[Data excerpts]
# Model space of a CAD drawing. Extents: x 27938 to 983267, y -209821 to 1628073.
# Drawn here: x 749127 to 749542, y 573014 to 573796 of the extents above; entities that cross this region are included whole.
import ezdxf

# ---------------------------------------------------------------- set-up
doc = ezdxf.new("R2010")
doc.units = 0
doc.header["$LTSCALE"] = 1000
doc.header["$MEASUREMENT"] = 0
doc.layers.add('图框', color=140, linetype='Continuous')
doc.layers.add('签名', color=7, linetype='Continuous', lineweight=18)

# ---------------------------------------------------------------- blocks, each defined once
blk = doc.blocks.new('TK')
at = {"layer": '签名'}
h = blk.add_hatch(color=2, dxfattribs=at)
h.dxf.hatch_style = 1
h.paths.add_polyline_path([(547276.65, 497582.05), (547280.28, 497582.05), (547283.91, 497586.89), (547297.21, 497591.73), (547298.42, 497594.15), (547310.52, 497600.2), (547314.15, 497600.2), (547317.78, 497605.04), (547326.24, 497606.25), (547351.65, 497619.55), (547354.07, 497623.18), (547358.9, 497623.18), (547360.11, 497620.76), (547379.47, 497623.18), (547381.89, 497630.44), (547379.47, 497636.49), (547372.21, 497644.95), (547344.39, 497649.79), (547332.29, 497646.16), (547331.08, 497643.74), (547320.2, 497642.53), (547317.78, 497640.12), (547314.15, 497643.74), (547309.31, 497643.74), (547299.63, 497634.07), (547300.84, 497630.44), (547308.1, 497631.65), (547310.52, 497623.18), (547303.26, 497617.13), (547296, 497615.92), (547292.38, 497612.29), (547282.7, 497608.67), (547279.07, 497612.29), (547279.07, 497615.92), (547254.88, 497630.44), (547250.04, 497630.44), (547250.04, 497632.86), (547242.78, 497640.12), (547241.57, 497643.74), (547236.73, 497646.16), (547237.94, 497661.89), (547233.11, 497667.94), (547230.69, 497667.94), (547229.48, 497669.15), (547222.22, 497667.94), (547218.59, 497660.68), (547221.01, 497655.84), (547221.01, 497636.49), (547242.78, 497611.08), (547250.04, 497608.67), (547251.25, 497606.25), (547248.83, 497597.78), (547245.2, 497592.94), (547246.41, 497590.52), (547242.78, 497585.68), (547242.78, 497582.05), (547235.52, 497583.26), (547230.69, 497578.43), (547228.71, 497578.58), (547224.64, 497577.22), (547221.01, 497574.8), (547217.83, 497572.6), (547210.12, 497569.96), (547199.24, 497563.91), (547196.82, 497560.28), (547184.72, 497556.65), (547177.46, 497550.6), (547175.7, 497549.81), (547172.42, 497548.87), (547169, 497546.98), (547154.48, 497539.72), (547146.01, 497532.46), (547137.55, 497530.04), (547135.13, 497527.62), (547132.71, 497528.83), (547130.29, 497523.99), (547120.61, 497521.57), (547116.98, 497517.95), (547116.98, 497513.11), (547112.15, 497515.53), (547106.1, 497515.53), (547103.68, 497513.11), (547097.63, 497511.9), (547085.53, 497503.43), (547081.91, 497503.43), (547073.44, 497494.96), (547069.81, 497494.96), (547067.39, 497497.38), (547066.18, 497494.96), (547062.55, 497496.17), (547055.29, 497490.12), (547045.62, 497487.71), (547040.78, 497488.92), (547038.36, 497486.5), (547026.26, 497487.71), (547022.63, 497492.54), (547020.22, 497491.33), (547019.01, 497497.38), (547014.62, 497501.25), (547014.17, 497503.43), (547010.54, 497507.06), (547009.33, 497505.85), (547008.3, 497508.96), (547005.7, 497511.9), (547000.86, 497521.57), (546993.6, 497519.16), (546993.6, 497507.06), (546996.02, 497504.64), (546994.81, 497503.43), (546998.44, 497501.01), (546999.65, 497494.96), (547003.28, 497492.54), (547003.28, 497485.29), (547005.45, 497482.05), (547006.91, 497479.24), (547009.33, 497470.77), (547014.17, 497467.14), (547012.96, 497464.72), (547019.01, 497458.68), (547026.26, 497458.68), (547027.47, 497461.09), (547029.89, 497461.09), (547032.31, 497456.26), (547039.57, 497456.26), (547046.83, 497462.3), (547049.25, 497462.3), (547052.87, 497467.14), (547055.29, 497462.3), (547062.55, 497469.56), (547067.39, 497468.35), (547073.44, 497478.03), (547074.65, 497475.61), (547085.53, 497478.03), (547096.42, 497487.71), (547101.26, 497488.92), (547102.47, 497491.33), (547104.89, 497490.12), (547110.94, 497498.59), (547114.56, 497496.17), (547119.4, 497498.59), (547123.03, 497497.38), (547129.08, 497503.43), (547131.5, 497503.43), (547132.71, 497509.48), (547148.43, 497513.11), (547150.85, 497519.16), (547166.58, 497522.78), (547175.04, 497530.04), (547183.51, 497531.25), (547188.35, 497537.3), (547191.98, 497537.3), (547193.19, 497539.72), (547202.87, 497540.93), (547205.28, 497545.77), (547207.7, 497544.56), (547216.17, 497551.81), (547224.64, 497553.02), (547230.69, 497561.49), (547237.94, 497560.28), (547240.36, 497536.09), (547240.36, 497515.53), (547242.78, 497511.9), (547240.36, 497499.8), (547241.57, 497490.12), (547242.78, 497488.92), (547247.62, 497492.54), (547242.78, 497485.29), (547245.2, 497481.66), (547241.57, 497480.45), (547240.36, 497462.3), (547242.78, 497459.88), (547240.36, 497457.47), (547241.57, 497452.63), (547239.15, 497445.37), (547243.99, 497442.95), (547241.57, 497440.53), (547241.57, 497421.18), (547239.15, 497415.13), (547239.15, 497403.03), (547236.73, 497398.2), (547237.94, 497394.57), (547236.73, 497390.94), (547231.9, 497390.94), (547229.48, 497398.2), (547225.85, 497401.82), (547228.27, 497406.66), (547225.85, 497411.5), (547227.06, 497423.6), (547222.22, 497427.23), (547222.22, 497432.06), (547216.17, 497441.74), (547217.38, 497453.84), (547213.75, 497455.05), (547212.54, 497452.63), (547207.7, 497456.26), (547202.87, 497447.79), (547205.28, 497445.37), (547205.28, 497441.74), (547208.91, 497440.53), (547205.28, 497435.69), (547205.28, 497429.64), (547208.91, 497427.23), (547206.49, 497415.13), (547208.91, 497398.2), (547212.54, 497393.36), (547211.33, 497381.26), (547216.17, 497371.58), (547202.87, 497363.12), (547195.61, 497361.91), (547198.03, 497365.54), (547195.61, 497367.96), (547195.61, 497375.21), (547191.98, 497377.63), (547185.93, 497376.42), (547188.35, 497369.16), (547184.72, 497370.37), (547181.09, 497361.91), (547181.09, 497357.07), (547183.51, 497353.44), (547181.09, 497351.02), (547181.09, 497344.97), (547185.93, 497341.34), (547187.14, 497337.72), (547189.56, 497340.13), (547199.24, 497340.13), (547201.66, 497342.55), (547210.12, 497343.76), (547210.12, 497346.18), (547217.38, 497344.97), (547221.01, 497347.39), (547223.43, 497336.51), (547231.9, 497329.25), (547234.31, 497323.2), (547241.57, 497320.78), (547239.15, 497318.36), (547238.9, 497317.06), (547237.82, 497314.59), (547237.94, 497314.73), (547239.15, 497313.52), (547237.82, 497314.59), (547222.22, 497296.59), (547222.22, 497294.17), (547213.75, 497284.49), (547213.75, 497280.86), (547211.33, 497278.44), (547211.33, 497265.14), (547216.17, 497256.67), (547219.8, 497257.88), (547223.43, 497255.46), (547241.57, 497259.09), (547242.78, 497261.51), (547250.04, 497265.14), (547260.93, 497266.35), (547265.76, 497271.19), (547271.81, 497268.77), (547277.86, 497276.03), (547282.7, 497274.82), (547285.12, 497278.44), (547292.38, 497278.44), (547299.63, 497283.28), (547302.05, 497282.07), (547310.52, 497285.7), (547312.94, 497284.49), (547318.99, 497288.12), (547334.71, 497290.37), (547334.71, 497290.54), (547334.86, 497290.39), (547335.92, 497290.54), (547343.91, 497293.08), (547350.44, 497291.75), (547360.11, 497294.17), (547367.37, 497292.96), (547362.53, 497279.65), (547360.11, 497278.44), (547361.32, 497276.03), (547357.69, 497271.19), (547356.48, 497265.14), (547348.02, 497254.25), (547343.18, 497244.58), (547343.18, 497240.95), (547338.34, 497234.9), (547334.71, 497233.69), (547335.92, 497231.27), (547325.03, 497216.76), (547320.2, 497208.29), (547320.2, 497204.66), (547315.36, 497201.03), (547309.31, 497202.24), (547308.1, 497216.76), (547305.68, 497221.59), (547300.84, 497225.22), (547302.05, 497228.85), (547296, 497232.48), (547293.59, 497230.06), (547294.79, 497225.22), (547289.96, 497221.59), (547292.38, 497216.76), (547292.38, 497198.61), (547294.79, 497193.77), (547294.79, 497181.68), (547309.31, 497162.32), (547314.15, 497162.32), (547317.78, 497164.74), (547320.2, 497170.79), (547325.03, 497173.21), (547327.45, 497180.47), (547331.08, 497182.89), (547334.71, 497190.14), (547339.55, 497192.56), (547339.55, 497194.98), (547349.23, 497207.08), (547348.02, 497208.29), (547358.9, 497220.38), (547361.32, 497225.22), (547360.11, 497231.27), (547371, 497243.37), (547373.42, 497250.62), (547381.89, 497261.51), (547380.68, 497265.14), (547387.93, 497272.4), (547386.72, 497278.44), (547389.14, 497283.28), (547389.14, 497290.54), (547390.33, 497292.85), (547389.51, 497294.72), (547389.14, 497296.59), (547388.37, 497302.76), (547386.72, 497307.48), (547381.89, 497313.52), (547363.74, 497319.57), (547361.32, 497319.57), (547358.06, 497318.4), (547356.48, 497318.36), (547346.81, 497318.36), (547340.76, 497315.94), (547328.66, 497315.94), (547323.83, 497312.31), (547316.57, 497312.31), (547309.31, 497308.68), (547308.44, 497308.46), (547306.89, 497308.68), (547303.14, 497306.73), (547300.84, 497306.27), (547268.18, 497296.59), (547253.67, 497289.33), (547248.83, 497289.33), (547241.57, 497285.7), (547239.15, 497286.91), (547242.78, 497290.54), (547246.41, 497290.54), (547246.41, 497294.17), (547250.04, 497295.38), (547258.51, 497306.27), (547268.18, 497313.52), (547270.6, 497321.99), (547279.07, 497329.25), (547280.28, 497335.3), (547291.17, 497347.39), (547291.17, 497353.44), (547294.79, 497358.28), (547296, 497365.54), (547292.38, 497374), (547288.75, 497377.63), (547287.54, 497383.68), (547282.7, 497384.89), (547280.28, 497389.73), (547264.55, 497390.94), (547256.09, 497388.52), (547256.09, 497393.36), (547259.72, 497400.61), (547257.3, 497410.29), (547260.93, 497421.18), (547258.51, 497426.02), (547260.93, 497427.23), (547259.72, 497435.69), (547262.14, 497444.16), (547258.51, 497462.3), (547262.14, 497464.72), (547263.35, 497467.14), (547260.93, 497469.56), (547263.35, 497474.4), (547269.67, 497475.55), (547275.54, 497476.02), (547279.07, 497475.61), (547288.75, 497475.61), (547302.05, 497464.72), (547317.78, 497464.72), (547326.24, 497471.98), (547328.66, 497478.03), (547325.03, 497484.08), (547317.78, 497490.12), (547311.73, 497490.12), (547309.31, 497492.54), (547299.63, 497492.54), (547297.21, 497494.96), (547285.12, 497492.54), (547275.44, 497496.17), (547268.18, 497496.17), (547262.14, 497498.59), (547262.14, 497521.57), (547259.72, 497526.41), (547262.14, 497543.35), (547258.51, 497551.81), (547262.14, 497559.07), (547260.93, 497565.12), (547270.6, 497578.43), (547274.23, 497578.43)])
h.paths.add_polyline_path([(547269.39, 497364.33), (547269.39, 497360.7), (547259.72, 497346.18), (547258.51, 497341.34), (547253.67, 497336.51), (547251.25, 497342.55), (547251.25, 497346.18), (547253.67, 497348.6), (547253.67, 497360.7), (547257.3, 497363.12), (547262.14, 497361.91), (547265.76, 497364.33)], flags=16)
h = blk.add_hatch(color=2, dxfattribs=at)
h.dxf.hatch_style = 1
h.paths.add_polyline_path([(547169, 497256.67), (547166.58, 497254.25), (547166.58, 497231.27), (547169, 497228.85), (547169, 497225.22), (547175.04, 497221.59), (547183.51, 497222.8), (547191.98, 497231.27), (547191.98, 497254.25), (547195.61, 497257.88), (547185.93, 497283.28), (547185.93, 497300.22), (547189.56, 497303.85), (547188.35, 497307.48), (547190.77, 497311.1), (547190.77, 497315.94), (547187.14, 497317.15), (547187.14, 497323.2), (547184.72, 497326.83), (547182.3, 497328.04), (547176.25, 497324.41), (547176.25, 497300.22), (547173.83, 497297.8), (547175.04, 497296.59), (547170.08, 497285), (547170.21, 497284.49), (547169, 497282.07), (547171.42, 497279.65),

▶ WHAT THIS TASK INVOLVES
The lines to copy are those above that contain "linetype".

▶ RESULT BELOW
doc.layers.add('图框', color=140, linetype='Continuous')
doc.layers.add('签名', color=7, linetype='Continuous', lineweight=18)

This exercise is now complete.